Tesla's "COIL FOR ELECTRO-MAGNETS".

[Farmhand]

Hi Gyula, I get you on the AV plug I think.  So if I may could I ask a couple of questions please. Would it be true to say that with the plug and capacitor there is a second instance of displacement current ? The first instance between the capacitor plates and the second instance in series with that capacitor's plates and whatever it can go to, maybe a tin plate or the bench or the ground/air ect. ? And if yes that the quality and value of the second capacitive coupling will give the AV plug it performance in a specific situation ? The plug uses the second displacement current path for the return ?

I think that would be the principal of the receiving of the wireless power transmission of Tesla's last patent. The displacement current path might be possible from the top of the tower's air capacitance to the Earth and the sending Plant's transformer is connected to both as well. There is just no diodes, resonant coils do it all.

Cheers

[Farmhand]

Doesn't an AV plug work like the drawing shows or similar ? If yes than the AV plug is really just half of a FWBR.  Nooooooo darn I think I drew the currents flowing the wrong way hahahaha  but I think you can see what I mean.

I think Tesla describes the effect in his high frequency lectures, he knew what was happening. And that he could use it.

I think if we had say a 1/4 wavelength of say 100 meters then if we place a resonant receiver coil there it would get maximum excitement, but if we place it at 3 x 1/4 wavelengths the wave would be more attenuated or down graded. He may have over estimated the efficiency of doing that at HF though 35 kHz max he said for transmitting at distance through the ground so as to avoid too much degradation of the current waves.

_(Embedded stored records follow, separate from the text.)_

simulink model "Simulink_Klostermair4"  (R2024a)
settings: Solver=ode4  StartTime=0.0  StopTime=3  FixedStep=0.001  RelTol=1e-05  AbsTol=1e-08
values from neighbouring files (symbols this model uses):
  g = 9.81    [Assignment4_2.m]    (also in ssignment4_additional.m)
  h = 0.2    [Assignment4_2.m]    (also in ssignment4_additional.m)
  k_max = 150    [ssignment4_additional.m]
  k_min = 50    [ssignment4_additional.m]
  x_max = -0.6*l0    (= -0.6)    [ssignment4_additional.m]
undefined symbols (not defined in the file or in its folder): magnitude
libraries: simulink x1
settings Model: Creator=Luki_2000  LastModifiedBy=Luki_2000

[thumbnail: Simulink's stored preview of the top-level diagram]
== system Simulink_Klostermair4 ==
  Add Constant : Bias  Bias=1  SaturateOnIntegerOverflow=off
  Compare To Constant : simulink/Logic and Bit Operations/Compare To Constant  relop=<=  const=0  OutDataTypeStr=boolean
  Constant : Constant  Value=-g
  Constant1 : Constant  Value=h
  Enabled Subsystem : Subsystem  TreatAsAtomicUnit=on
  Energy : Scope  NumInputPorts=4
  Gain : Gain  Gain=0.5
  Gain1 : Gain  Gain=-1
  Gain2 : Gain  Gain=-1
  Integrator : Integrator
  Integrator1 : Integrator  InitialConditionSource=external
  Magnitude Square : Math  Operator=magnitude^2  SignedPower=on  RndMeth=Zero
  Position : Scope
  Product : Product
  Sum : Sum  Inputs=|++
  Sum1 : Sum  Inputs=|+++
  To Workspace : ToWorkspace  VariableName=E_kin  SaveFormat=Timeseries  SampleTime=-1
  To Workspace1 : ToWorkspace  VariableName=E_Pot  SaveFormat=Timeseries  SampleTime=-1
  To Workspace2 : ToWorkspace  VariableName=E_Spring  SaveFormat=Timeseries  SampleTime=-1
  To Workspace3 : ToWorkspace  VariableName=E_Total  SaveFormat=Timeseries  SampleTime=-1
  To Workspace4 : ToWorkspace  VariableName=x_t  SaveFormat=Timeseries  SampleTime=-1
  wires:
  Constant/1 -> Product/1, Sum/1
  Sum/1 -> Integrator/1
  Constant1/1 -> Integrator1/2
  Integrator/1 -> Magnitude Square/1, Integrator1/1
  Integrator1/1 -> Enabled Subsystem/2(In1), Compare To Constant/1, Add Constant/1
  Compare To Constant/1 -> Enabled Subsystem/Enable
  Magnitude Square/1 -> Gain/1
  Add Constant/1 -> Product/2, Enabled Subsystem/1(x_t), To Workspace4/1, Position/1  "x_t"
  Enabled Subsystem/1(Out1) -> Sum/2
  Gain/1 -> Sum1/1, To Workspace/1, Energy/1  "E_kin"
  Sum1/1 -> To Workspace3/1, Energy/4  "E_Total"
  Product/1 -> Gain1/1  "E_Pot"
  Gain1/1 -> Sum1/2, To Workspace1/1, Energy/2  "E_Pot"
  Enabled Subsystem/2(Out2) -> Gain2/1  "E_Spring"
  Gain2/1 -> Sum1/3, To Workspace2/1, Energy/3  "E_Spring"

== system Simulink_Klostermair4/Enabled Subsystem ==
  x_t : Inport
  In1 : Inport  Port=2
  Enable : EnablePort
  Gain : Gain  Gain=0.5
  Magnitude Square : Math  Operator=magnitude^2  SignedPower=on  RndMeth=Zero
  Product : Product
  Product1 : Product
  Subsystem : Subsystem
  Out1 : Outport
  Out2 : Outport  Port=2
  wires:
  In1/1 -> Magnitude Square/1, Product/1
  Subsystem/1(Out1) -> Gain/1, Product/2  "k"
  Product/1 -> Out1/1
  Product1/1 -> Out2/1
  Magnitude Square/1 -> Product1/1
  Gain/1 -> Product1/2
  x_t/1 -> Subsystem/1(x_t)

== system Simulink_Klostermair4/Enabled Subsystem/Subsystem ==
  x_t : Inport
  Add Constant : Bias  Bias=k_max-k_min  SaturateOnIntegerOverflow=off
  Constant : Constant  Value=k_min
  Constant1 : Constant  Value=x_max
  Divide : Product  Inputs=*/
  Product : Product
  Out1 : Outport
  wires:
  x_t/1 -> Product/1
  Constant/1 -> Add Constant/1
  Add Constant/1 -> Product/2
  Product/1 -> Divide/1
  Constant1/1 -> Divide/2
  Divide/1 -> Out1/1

Does displacement current flow in EM waves ?

Cheers

[MileHigh]

Farmhand:

For the AV plug you are correct.  The key factors are the frequency of the AC signal in the single wire, the amplitude, and how much capacitive coupling the power source has to ground and the charging capacitor has to ground.  For every rising edge of the AC source, a tiny "puff" of charge passes through the forward diode to charge the cap.  For every falling edge, a tiny puff of charge flows through the reverse diode and that also charges the cap.  The tiny puff of moving charge though the diode is the displacement current.  It's the same current that is capacitively coupled to ground at both the source and destination ends of the current flow.  It's a two-wire charging system that only has one physical wire.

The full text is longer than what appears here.